No Brasil, porém, o movimento aparece bem antes, ainda no século 17. O primeiro artista a despontar foi Leandro Joaquim, um carioca que retratava o cotidiano e as belas paisagens do Rio de Janeiro. Suas obras estão hoje no Museu Nacional de Belas Artes e no Museu Histórico Nacional. “Apesar de todos os esforços de submissão aos modelos europeus de arte, com o passar dos séculos, confirmou-se a originalidade e a autenticidade da nossa pintura naïf”, escreveu Lucien Finkelstein. “São essas as qualidades que fazem dela o que existe de mais autêntico na arte brasileira e a tornam nossa porta-bandeira. No exterior, ela é louvada, mas o descrédito dos brasileiros (...) ainda é grande.”
Não faltam passagens marcantes de nossa produção lá fora. O único pintor brasileiro a receber menção honrosa na categoria de Pintura da Bienal de Veneza foi Chico da Silva, em 1966, um autêntico naïf. Outros exemplos: durante a conferência Eco-92, a carioca Lia Mittarakis teve sua paisagem do Rio de Janeiro impressa na capa da revista Time, e a paulista Aparecida Azedo estampou a capa do catálogo da Trienal de Arte Naïf, de 1994, na Eslovênia, com um de seus quadros. Como se vê, os artistas estão fazendo sua parte.
Nossos naïfs - Conheça alguns dos mais consagrados pintores naïfs brasileiros com obras a ser conferidas na mostra Mistura Fina, pertencente à 7ª Bienal Naïfs do Brasil, no Sesc Piracicaba
José Antonio da Silva (1909-1996) – Trabalhador rural do interior paulista, consagra-se como artista plástico em meados da década de 40. Em 1956, cria polêmica ao pintar uma série de quadros cujo tema era o enforcamento do júri da 4ª Bienal Internacional de São Paulo, em protesto à sua exclusão do evento. Participa da Bienal de São Paulo, em 1987, e da Bienal de Veneza, em 1952 e 1966. Permanece no campo durante toda a sua vida, temática que está sempre em suas pinturas. Além das artes plásticas, dedica-se também à literatura e à música. Em 1980, é fundado o Museu de Arte Primitiva José Antonio da Silva, em Assis, interior de São Paulo.
Cardosinho (1861-1947) – Nasce em Coimbra, Portugal, e chega ao Brasil aos 3 anos de idade, depois de perder toda a família em um naufrágio. Torna-se padre e, até os 70 anos, leciona latim e francês e trabalha como inspetor escolar. Começa a pintar como hobby, quando se aposenta.
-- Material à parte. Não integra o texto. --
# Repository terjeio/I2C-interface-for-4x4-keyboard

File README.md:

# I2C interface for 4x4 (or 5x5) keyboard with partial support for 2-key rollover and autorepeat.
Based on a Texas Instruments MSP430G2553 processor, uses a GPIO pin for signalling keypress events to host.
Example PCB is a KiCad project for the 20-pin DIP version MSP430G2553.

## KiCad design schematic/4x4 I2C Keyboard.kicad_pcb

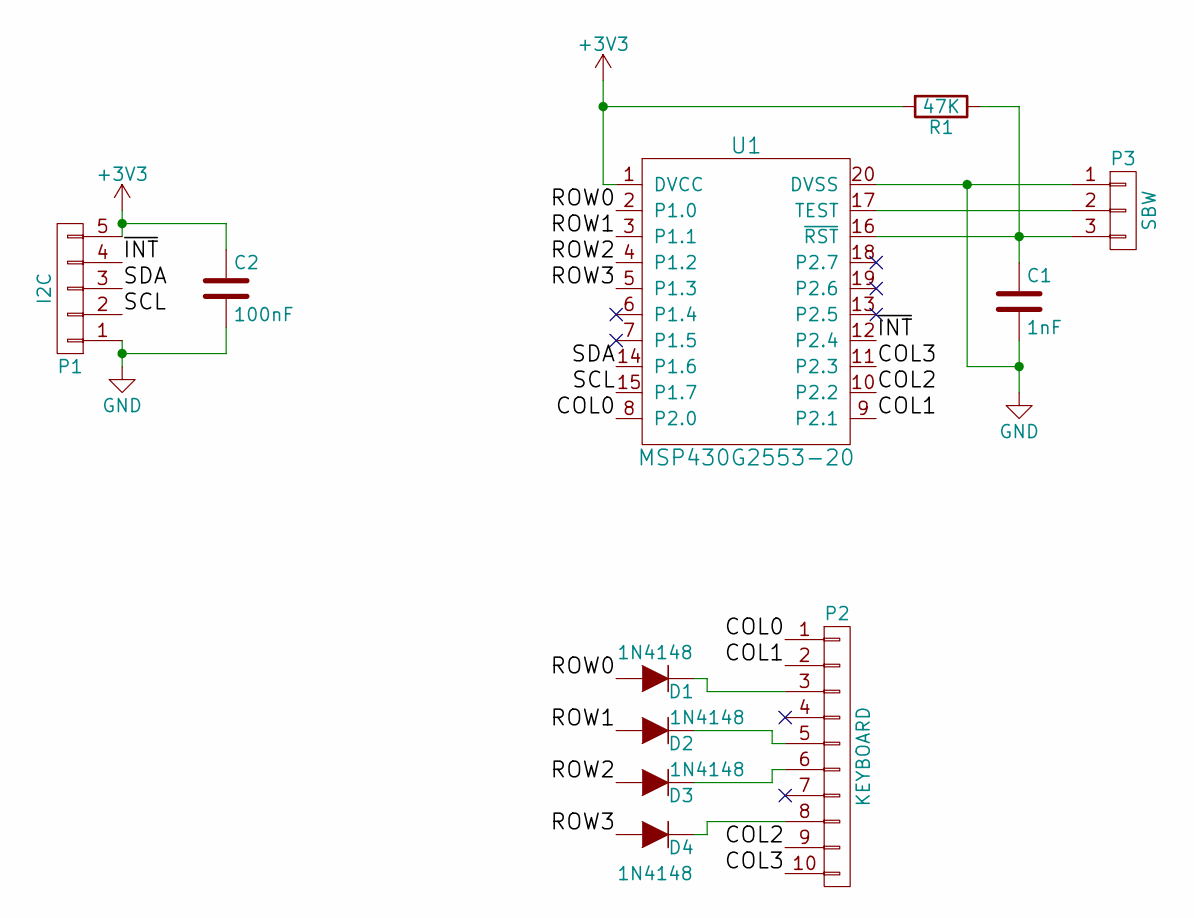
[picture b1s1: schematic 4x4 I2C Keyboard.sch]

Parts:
C1: 1nF; C_Disc_D5.0mm_W2.5mm_P2.50mm
C2: 100nF; C_Disc_D5.0mm_W2.5mm_P2.50mm
D1, D2, D3, D4: 1N4148; D_DO-41_SOD81_P7.62mm_Horizontal
P1: I2C; Pin_Header_Straight_1x05_Pitch2.54mm
P2: KEYBOARD; Pin_Header_Straight_1x10_Pitch2.54mm
P3: SBW; Pin_Header_Straight_1x03_Pitch2.54mm
R1: 47K; R_Axial_DIN0207_L6.3mm_D2.5mm_P10.16mm_Horizontal
U1: MSP430G2553-20; DIP-20_W7.62mm_Socket

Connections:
+3V3: C2.1, P1.5, R1.2, U1.1 (DVCC)
/COL0: P2.1, U1.8 (P2.0)
/COL1: P2.2, U1.9 (P2.1)
/COL2: P2.9, U1.10 (P2.2)
/COL3: P2.10, U1.11 (P2.3)
/ROW0: D1.2 (A), U1.2 (P1.0)
/ROW1: D2.2 (A), U1.3 (P1.1)
/ROW2: D3.2 (A), U1.4 (P1.2)
/ROW3: D4.2 (A), U1.5 (P1.3)
/SCL: P1.2, U1.15 (P1.7)
/SDA: P1.3, U1.14 (P1.6)
/~INT: P1.4, U1.12 (P2.4)
GND: C1.2, C2.2, P1.1, P3.1, U1.20 (DVSS)
unnamed: C1.1, P3.3, R1.1, U1.16 (~RST~)
unnamed: D1.1 (K), P2.3
unnamed: D2.1 (K), P2.5
unnamed: D3.1 (K), P2.6
unnamed: D4.1 (K), P2.8
unnamed: P3.2, U1.17 (TEST)

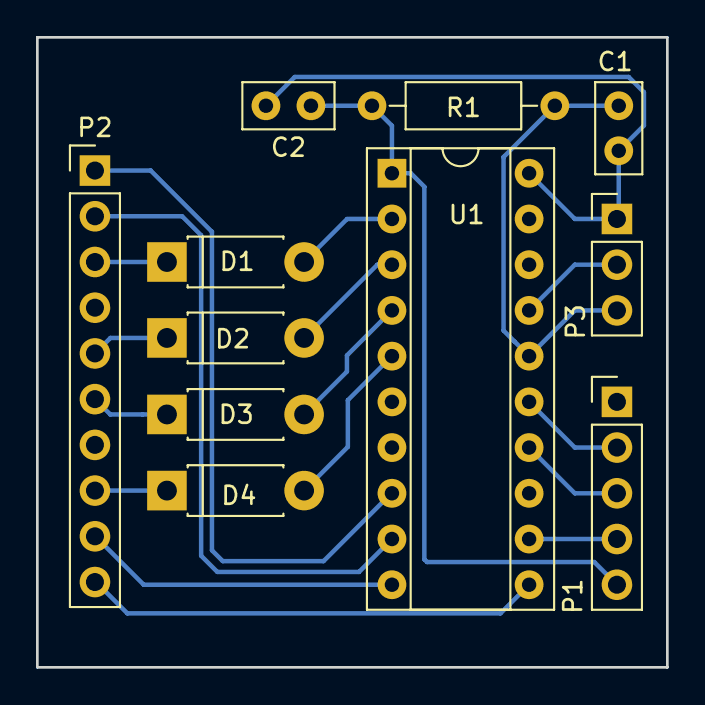
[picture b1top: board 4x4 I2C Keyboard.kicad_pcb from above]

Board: 2 copper layers, 35.0 x 35.0 mm, 11 parts (0 on the bottom side), 19 nets.

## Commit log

2017-05-16 :tada: Added .gitattributes
2017-05-16 added as new project
2017-05-16 changed description
2018-09-02 Simplified key mapping setup, added 5x5 matrix option

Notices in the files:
schematic/4x4 I2C Keyboard.kicad_pcb:
Licensed under CERN OHL v.1.2 or later

Pinta cerca de 600 quadros e chega a expor com Candido Portinari. Uma de suas obras é adquirida pela badalada Tate Gallery, de Londres.
Ranchinho (1923-2003) – Portador de doença mental, cresce desamparado. Para se proteger, refugia-se em ranchos próximos às estradas, daí o apelido. Na década de 70 começa a pintar e já em 1971 consegue menção honrosa na Exposição de Artes Plásticas de Assis, cidade do interior de São Paulo onde cresceu. Possui obras no Museu de Arte Moderna e na Pinacoteca do Estado, ambos na capital paulista.
Heitor dos Prazeres (1898-1966) – O primeiro contato com as artes foi pela música. Foi compositor, instrumentista e letrista – sendo parceiro de Noel Rosa na marchinha Pierrô Apaixonado. Começou a pintar em 1937, sem compromisso. Mas em 1951 participou da 1ª Bienal Internacional de São Paulo, e recebeu um prêmio do crítico inglês Herbert Read. Em 1959, realizou a primeira exposição individual, na Galeria Debret, em Paris. Sobre ele, escreveu Rubem Braga: “Ele não faz pintura do partido-alto, para deleite dos ricos, nem traz para a tela as cenas de macumba e candomblés que freqüentou. Apenas conta essa vida solta e heróica de cavaquinho na mão, cachaça e mulata, sua vida de seresteiro e trovador de muitas conquistas”.